Wednesday, March 29, 2017
"Dark Matter" by Blake Crouch
What ultimately, for me, places Dark Matter into pleasurable "fluff" sci-fi rather than what I consider compelling science-fiction is that it treads little new ground in its technology, view of the world, or analysis of human behavior. The novel centers around Jason Dessen, a brilliant scientist who gave up the academic pursuit for a stable home life with his wife Daniela and teenage son. On the way home one night, he's kidnapped by a masked man and transported to a parallel universe--one in which he gave up the family life to pursue an academic career.

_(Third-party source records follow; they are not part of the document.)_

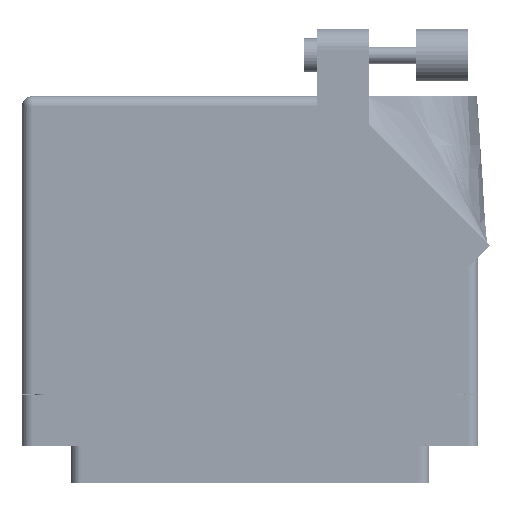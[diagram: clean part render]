
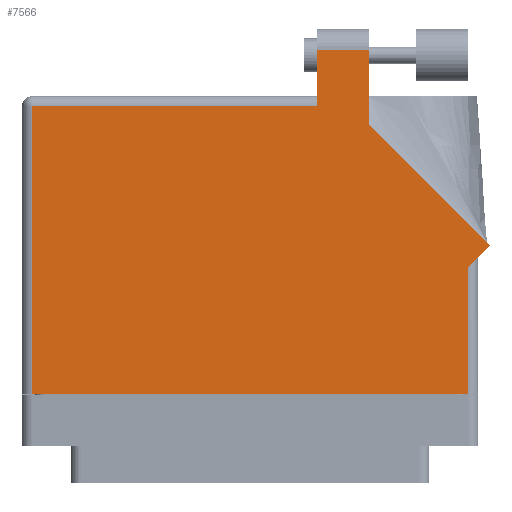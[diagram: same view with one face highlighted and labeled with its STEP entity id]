
A CAD part, front view. The second image highlights one B-rep face of the part: STEP entity #7566.
In plain terms, the highlighted face is planar.
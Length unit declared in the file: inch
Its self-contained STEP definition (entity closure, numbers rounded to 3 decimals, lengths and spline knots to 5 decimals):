
#1377 = ORIENTED_EDGE ( 'NONE', *, *, #44730, .T. ) ;
#2114 = CARTESIAN_POINT ( 'NONE',  ( 1.297, -0.1, 0.617 ) ) ;
#2957 = VECTOR ( 'NONE', #59930, 39.37008 ) ;
#4717 = DIRECTION ( 'NONE',  ( -1., 0., 0. ) ) ;
#5224 = LINE ( 'NONE', #68635, #50228 ) ;
#5968 = VECTOR ( 'NONE', #50510, 39.37008 ) ;
#7566 = ADVANCED_FACE ( 'NONE', ( #20459 ), #51788, .F. ) ;
#7835 = ORIENTED_EDGE ( 'NONE', *, *, #38553, .T. ) ;
#8780 = CARTESIAN_POINT ( 'NONE',  ( 0.706, 1.50942, 0.617 ) ) ;
#15005 = CARTESIAN_POINT ( 'NONE',  ( 1.297, 0.653, 0.617 ) ) ;
#18368 = VECTOR ( 'NONE', #34934, 39.37008 ) ;
#20342 = DIRECTION ( 'NONE',  ( -1., 0., 0. ) ) ;
#20459 = FACE_OUTER_BOUND ( 'NONE', #63116, .T. ) ;
#21299 = DIRECTION ( 'NONE',  ( -0.707, 0.707, 0. ) ) ;
#23846 = CARTESIAN_POINT ( 'NONE',  ( 0.706, 1.95, 0.617 ) ) ;
#24174 = EDGE_CURVE ( 'NONE', #65542, #68042, #27608, .T. ) ;
#25967 = LINE ( 'NONE', #26538, #2957 ) ;
#26047 = EDGE_CURVE ( 'NONE', #68042, #26184, #58691, .T. ) ;
#26184 = VERTEX_POINT ( 'NONE', #2114 ) ;
#26482 = VECTOR ( 'NONE', #47220, 39.37008 ) ;
#26538 = CARTESIAN_POINT ( 'NONE',  ( 0.706, 1.50942, 0.617 ) ) ;
#27608 = LINE ( 'NONE', #35408, #18368 ) ;
#27665 = LINE ( 'NONE', #31056, #55664 ) ;
#30807 = EDGE_CURVE ( 'NONE', #52480, #35423, #52669, .T. ) ;
#31056 = CARTESIAN_POINT ( 'NONE',  ( 0.399, 1.95, 0.617 ) ) ;
#31068 = CARTESIAN_POINT ( 'NONE',  ( 0.399, 1.613, 0.617 ) ) ;
#33027 = DIRECTION ( 'NONE',  ( 0., 1., 0. ) ) ;
#33609 = EDGE_CURVE ( 'NONE', #46125, #65542, #33770, .T. ) ;
#33770 = LINE ( 'NONE', #53656, #61709 ) ;
#34934 = DIRECTION ( 'NONE',  ( 0., -1., 0. ) ) ;
#35298 = ORIENTED_EDGE ( 'NONE', *, *, #33609, .T. ) ;
#35386 = VERTEX_POINT ( 'NONE', #8780 ) ;
#35408 = CARTESIAN_POINT ( 'NONE',  ( -1.297, -0.1, 0.617 ) ) ;
#35423 = VERTEX_POINT ( 'NONE', #62402 ) ;
#38553 = EDGE_CURVE ( 'NONE', #35386, #59114, #25967, .T. ) ;
#40700 = AXIS2_PLACEMENT_3D ( 'NONE', #46829, #52264, #20342 ) ;
#43434 = DIRECTION ( 'NONE',  ( -1., 0., 0. ) ) ;
#43555 = EDGE_CURVE ( 'NONE', #26184, #52480, #63433, .T. ) ;
#43696 = CARTESIAN_POINT ( 'NONE',  ( 1.42971, 0.78571, 0.617 ) ) ;
#44730 = EDGE_CURVE ( 'NONE', #59114, #64918, #27665, .T. ) ;
#46125 = VERTEX_POINT ( 'NONE', #31068 ) ;
#46829 = CARTESIAN_POINT ( 'NONE',  ( -1.359, 1.675, 0.617 ) ) ;
#47075 = DIRECTION ( 'NONE',  ( 0., -1., 0. ) ) ;
#47220 = DIRECTION ( 'NONE',  ( 1., 0., 0. ) ) ;
#48228 = ORIENTED_EDGE ( 'NONE', *, *, #30807, .T. ) ;
#48439 = CARTESIAN_POINT ( 'NONE',  ( 1.297, 0.715, 0.617 ) ) ;
#49183 = CARTESIAN_POINT ( 'NONE',  ( -1.297, -0.1, 0.617 ) ) ;
#50228 = VECTOR ( 'NONE', #47075, 39.37008 ) ;
#50442 = ORIENTED_EDGE ( 'NONE', *, *, #55888, .T. ) ;
#50510 = DIRECTION ( 'NONE',  ( 0.707, 0.707, 0. ) ) ;
#51788 = PLANE ( 'NONE',  #40700 ) ;
#52264 = DIRECTION ( 'NONE',  ( 0., 0., -1. ) ) ;
#52480 = VERTEX_POINT ( 'NONE', #15005 ) ;
#52669 = LINE ( 'NONE', #66619, #5968 ) ;
#53219 = ORIENTED_EDGE ( 'NONE', *, *, #24174, .T. ) ;
#53656 = CARTESIAN_POINT ( 'NONE',  ( -1.359, 1.613, 0.617 ) ) ;
#55664 = VECTOR ( 'NONE', #4717, 39.37008 ) ;
#55888 = EDGE_CURVE ( 'NONE', #64918, #46125, #5224, .T. ) ;
#56367 = ORIENTED_EDGE ( 'NONE', *, *, #26047, .T. ) ;
#58423 = ORIENTED_EDGE ( 'NONE', *, *, #43555, .T. ) ;
#58691 = LINE ( 'NONE', #64052, #26482 ) ;
#59114 = VERTEX_POINT ( 'NONE', #23846 ) ;
#59135 = LINE ( 'NONE', #43696, #67621 ) ;
#59930 = DIRECTION ( 'NONE',  ( 0., 1., 0. ) ) ;
#60173 = ORIENTED_EDGE ( 'NONE', *, *, #66226, .T. ) ;
#61709 = VECTOR ( 'NONE', #43434, 39.37008 ) ;
#62402 = CARTESIAN_POINT ( 'NONE',  ( 1.42971, 0.78571, 0.617 ) ) ;
#63116 = EDGE_LOOP ( 'NONE', ( #7835, #1377, #50442, #35298, #53219, #56367, #58423, #48228, #60173 ) ) ;
#63433 = LINE ( 'NONE', #48439, #64324 ) ;
#64052 = CARTESIAN_POINT ( 'NONE',  ( -1.359, -0.1, 0.617 ) ) ;
#64324 = VECTOR ( 'NONE', #33027, 39.37008 ) ;
#64385 = CARTESIAN_POINT ( 'NONE',  ( 0.399, 1.95, 0.617 ) ) ;
#64918 = VERTEX_POINT ( 'NONE', #64385 ) ;
#65542 = VERTEX_POINT ( 'NONE', #66182 ) ;
#66182 = CARTESIAN_POINT ( 'NONE',  ( -1.297, 1.613, 0.617 ) ) ;
#66226 = EDGE_CURVE ( 'NONE', #35423, #35386, #59135, .T. ) ;
#66619 = CARTESIAN_POINT ( 'NONE',  ( 1.359, 0.715, 0.617 ) ) ;
#67621 = VECTOR ( 'NONE', #21299, 39.37008 ) ;
#68042 = VERTEX_POINT ( 'NONE', #49183 ) ;
#68635 = CARTESIAN_POINT ( 'NONE',  ( 0.399, 1.675, 0.617 ) ) ;

He's determined to return to his home universe, particularly once he realizes the parallel universe's Jason (whom he calls Jason2) has taken up the original Jason's place with his family.
The first part of the novel follows the familiar "disoriented protagonist" line as Jason attempts to figure out where he is and what's going on--and then escape the clutches of Jason2's lab. I was a little surprised how easily Jason2's lab becomes textbook villainous, even murdering several people in an attempt to capture Jason. I mean, I get that they've invested a lot of time and energy into their parallel universe machine and are desperate to preserve their work (and get information from the new Jason), but casually arranging outsiders' murders? It also immediately implies Jason2 is straightforwardly evil, erasing any chance of nuance with his character.
Once Jason escapes and re-enters the machine, we kick into the Sliders zone as he attempts to find his home world. We're told that the parallel universes he visits are close off-shoots of his own world, yet he manages to visit the most extreme scenarios: an infectious disease apocalypse; a weather apocalypse; a lot of apocalyptic scenarios. I mean, how likely is a zombie-esque apocalypse in any of our futures? The fact that he seems to mostly explore these highly treacherous parallel universes rather than a universe where he chose tan curtains over brown is partially explained by the fact that his mental state (highly agitated, obviously) is supposedly "choosing" worst-fear scenarios, but I still don't totally buy it.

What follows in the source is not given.